----- Data listing

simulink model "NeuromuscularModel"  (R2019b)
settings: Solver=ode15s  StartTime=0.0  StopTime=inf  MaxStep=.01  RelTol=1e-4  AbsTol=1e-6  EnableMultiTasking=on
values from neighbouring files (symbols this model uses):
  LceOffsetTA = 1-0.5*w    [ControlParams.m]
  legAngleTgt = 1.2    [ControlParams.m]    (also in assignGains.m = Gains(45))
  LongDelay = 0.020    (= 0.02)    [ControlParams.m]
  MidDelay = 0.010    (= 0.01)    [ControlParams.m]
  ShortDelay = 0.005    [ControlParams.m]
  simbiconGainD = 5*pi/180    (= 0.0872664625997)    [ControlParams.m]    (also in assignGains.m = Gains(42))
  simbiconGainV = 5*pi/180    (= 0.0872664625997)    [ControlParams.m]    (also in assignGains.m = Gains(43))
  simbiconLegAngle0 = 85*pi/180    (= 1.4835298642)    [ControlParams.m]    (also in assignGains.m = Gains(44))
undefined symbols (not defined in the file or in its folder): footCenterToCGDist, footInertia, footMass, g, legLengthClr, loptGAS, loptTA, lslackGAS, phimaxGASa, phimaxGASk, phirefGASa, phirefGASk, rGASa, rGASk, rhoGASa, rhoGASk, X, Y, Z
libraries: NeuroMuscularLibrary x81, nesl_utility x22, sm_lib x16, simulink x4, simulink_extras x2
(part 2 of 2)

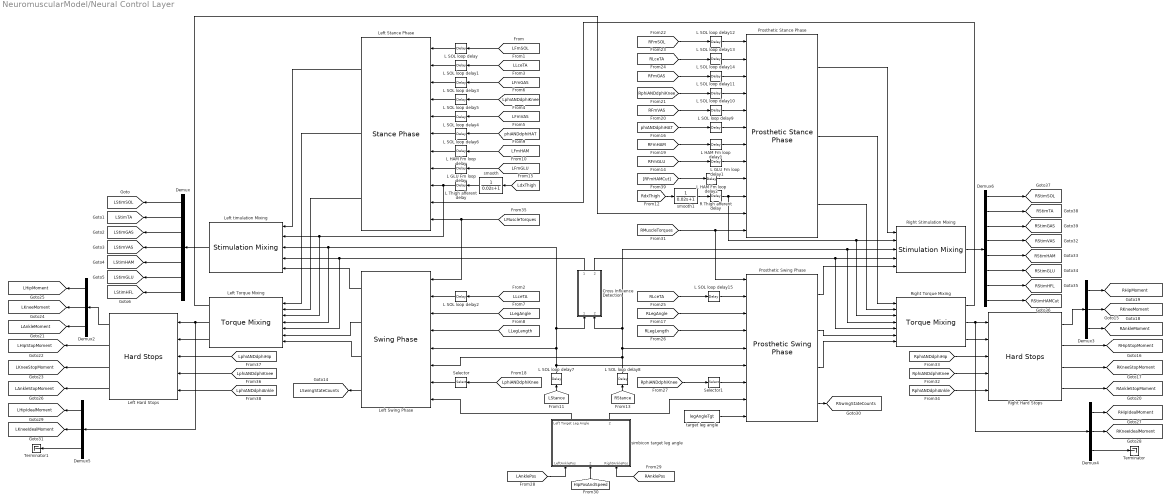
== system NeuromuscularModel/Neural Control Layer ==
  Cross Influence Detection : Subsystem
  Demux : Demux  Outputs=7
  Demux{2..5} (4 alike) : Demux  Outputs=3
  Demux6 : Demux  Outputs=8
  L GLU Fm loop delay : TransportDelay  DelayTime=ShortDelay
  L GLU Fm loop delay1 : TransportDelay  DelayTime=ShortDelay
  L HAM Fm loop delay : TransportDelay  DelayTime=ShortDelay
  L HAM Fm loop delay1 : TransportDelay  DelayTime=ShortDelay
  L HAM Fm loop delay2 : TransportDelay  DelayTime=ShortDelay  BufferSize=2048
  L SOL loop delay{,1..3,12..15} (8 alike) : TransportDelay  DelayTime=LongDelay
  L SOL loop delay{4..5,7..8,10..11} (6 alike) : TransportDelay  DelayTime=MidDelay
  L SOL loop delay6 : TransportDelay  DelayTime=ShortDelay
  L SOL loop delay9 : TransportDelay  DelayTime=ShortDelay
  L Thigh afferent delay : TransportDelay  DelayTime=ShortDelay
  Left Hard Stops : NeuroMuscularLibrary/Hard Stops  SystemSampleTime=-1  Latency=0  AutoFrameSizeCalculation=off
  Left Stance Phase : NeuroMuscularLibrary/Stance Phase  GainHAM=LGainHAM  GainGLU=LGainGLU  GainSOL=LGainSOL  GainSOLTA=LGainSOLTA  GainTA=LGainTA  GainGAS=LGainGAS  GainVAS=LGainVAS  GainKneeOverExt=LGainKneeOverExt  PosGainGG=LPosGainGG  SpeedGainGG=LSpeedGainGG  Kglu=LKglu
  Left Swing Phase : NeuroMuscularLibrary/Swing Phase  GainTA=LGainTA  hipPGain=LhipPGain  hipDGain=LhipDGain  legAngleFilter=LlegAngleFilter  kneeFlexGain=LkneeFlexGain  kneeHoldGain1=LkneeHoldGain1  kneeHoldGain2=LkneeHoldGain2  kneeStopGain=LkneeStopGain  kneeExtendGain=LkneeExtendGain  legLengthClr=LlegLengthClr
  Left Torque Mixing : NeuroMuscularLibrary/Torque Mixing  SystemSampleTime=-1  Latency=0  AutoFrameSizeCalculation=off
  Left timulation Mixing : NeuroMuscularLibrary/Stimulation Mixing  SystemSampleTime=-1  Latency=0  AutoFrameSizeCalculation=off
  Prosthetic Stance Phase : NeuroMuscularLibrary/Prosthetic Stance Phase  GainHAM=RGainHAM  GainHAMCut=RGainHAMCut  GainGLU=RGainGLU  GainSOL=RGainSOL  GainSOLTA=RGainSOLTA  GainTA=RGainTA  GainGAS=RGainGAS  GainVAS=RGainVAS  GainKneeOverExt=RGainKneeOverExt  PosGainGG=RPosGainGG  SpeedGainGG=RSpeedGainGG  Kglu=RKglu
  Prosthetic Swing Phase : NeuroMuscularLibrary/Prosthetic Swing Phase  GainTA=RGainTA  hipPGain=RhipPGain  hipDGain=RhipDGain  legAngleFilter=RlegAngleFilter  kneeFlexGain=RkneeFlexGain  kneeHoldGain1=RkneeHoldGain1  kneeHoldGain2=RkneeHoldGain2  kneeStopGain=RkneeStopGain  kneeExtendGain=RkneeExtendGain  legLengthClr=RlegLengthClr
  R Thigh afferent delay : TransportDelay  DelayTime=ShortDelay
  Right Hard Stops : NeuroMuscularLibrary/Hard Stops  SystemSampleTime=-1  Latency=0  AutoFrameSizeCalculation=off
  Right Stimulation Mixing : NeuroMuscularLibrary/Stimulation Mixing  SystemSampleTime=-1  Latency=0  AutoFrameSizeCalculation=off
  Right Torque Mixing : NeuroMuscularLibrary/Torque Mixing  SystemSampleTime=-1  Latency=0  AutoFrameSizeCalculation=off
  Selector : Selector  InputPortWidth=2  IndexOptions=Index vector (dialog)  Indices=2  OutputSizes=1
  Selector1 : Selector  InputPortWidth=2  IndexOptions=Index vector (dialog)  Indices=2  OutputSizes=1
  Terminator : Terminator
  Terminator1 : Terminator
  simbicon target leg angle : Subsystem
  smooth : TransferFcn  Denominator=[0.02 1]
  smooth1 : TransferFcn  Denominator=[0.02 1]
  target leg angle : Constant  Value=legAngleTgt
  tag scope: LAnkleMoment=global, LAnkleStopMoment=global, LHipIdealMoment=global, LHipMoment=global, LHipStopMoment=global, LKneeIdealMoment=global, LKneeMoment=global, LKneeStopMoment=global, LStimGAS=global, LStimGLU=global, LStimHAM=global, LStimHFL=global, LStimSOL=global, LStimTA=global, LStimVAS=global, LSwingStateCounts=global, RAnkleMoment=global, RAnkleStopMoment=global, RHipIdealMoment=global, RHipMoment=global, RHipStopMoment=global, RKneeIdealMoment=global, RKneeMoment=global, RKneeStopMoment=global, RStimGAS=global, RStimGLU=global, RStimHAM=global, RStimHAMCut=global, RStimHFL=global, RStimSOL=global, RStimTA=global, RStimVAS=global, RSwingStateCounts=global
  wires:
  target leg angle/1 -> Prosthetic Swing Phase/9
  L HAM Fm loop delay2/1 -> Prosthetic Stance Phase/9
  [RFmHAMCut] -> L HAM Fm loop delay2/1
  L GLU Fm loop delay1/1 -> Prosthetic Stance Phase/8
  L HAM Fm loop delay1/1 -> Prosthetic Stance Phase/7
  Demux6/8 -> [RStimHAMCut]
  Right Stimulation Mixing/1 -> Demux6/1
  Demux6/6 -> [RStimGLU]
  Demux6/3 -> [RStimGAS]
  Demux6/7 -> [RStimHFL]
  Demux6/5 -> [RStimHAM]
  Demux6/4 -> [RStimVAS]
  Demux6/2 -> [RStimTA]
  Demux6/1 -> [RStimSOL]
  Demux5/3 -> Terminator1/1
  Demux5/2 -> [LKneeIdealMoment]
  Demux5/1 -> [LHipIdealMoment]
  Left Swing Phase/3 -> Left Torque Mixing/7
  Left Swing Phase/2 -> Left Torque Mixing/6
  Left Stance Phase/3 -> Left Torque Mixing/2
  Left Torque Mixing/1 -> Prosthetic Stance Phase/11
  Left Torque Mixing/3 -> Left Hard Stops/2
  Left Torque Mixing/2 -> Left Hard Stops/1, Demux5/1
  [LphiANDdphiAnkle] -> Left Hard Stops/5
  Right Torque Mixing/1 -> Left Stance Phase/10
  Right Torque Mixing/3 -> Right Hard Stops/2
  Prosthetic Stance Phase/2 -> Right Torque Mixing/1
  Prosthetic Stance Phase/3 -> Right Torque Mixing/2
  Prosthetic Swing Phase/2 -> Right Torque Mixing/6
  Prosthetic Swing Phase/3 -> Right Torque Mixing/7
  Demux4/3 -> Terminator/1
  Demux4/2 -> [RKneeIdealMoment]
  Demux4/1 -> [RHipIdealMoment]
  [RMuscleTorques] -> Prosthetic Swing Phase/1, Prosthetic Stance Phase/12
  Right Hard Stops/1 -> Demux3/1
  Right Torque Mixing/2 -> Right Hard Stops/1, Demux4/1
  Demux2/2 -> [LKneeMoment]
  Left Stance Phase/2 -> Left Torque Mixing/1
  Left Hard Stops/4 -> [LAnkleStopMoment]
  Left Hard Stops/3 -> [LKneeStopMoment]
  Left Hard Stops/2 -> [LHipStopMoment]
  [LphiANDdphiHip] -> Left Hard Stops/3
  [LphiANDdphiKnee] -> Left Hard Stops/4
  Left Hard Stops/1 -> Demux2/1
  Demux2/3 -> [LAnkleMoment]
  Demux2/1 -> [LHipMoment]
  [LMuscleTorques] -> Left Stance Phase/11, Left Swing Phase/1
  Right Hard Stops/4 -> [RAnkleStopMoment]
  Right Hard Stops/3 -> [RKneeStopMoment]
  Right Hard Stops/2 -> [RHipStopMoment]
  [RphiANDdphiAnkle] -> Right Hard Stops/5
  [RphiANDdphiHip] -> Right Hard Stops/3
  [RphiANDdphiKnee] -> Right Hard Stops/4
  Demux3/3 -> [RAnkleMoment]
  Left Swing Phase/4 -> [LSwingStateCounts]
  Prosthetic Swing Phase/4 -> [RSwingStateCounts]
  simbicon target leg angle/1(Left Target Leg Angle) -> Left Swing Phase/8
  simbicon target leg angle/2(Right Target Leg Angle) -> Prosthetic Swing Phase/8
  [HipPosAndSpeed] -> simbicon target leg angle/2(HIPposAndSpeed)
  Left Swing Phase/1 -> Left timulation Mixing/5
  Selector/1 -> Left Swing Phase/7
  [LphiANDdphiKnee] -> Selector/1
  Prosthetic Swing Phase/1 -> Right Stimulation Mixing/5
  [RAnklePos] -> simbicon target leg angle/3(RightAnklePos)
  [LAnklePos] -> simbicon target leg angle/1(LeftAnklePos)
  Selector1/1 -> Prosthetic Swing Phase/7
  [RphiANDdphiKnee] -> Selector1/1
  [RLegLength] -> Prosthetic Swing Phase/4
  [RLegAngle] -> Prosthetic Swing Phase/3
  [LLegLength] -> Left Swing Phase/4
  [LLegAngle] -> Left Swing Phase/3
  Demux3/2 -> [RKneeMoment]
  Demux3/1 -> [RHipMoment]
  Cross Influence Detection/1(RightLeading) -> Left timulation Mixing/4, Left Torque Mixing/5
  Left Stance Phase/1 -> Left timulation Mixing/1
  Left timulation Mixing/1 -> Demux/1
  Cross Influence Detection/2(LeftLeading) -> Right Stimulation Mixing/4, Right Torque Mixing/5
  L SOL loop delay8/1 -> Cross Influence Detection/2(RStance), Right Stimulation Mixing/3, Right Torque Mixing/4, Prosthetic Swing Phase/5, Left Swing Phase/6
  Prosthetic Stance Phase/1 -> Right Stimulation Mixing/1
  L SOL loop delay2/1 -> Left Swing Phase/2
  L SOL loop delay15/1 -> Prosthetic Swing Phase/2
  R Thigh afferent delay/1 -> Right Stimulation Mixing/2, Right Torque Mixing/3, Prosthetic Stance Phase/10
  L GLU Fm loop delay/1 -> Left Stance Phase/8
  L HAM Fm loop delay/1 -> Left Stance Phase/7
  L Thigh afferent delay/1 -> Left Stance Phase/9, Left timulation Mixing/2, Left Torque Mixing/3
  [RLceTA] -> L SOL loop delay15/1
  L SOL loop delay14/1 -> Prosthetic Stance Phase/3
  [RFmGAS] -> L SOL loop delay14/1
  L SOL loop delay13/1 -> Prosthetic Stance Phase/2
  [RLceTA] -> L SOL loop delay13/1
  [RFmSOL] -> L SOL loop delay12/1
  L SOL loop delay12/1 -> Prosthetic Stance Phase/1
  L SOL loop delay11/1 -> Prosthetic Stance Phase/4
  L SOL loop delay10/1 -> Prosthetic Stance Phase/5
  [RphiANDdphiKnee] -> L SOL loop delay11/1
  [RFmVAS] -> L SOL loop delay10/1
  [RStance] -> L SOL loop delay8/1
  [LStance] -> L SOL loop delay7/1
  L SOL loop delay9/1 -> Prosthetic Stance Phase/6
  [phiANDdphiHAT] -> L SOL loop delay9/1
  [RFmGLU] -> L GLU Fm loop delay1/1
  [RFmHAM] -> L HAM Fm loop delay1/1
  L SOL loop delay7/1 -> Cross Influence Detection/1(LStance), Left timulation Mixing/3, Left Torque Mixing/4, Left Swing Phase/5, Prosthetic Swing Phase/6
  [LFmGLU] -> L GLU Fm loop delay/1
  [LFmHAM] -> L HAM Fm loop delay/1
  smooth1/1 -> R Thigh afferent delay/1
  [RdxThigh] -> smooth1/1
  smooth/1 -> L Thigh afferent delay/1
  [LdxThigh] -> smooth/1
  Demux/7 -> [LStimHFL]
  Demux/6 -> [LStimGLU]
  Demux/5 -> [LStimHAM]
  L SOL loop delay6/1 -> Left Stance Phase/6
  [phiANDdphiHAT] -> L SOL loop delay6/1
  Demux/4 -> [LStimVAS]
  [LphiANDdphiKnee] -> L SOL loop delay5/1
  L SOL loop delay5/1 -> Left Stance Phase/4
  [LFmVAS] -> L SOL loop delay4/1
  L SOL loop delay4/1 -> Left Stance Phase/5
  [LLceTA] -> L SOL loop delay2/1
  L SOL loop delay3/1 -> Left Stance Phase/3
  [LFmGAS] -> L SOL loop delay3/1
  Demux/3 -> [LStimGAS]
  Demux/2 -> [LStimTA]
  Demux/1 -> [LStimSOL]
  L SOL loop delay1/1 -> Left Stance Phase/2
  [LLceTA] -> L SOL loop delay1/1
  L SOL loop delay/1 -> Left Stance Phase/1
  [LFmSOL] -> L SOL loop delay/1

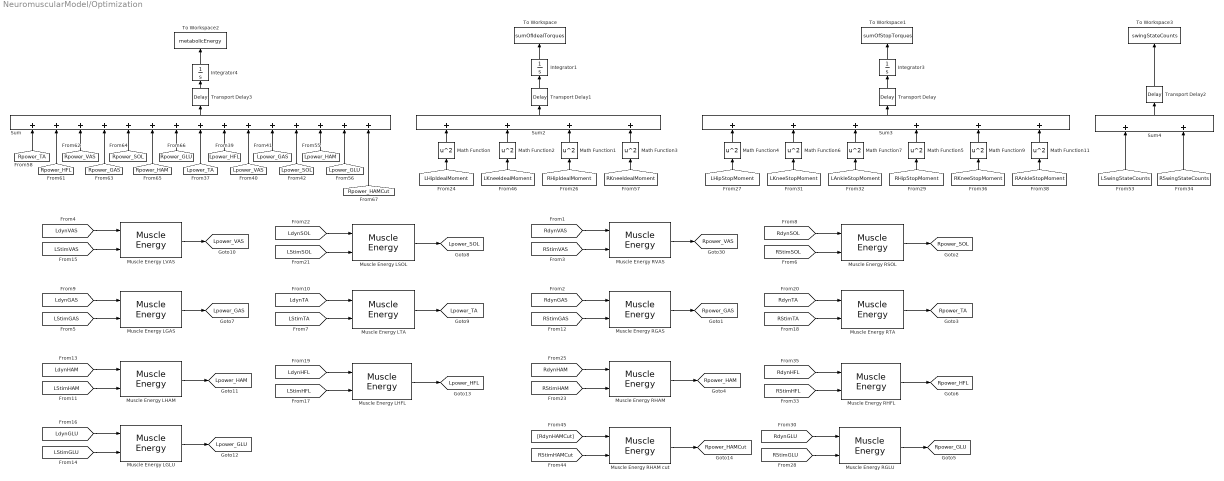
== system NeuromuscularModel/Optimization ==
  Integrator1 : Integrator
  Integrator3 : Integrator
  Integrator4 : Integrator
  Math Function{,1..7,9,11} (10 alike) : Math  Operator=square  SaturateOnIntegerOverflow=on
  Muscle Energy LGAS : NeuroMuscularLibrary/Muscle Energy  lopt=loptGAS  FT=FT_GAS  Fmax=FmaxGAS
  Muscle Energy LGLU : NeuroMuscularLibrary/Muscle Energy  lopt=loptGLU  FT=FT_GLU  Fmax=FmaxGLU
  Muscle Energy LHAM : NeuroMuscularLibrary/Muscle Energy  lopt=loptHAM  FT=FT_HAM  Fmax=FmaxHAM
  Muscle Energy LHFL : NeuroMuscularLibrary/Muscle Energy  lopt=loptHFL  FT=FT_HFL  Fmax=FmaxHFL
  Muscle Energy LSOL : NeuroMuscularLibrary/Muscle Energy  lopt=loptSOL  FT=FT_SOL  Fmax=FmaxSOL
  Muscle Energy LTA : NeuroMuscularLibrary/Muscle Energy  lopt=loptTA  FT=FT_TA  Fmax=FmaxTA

----------

Exercise
Above this task is a listing. Restate, word for word and with nothing added, the lines from the one with "[RAnklePos] -> simbicon" through the one with "L GLU Fm loop delay/1 ->".

The completed task
  [RAnklePos] -> simbicon target leg angle/3(RightAnklePos)
  [LAnklePos] -> simbicon target leg angle/1(LeftAnklePos)
  Selector1/1 -> Prosthetic Swing Phase/7
  [RphiANDdphiKnee] -> Selector1/1
  [RLegLength] -> Prosthetic Swing Phase/4
  [RLegAngle] -> Prosthetic Swing Phase/3
  [LLegLength] -> Left Swing Phase/4
  [LLegAngle] -> Left Swing Phase/3
  Demux3/2 -> [RKneeMoment]
  Demux3/1 -> [RHipMoment]
  Cross Influence Detection/1(RightLeading) -> Left timulation Mixing/4, Left Torque Mixing/5
  Left Stance Phase/1 -> Left timulation Mixing/1
  Left timulation Mixing/1 -> Demux/1
  Cross Influence Detection/2(LeftLeading) -> Right Stimulation Mixing/4, Right Torque Mixing/5
  L SOL loop delay8/1 -> Cross Influence Detection/2(RStance), Right Stimulation Mixing/3, Right Torque Mixing/4, Prosthetic Swing Phase/5, Left Swing Phase/6
  Prosthetic Stance Phase/1 -> Right Stimulation Mixing/1
  L SOL loop delay2/1 -> Left Swing Phase/2
  L SOL loop delay15/1 -> Prosthetic Swing Phase/2
  R Thigh afferent delay/1 -> Right Stimulation Mixing/2, Right Torque Mixing/3, Prosthetic Stance Phase/10
  L GLU Fm loop delay/1 -> Left Stance Phase/8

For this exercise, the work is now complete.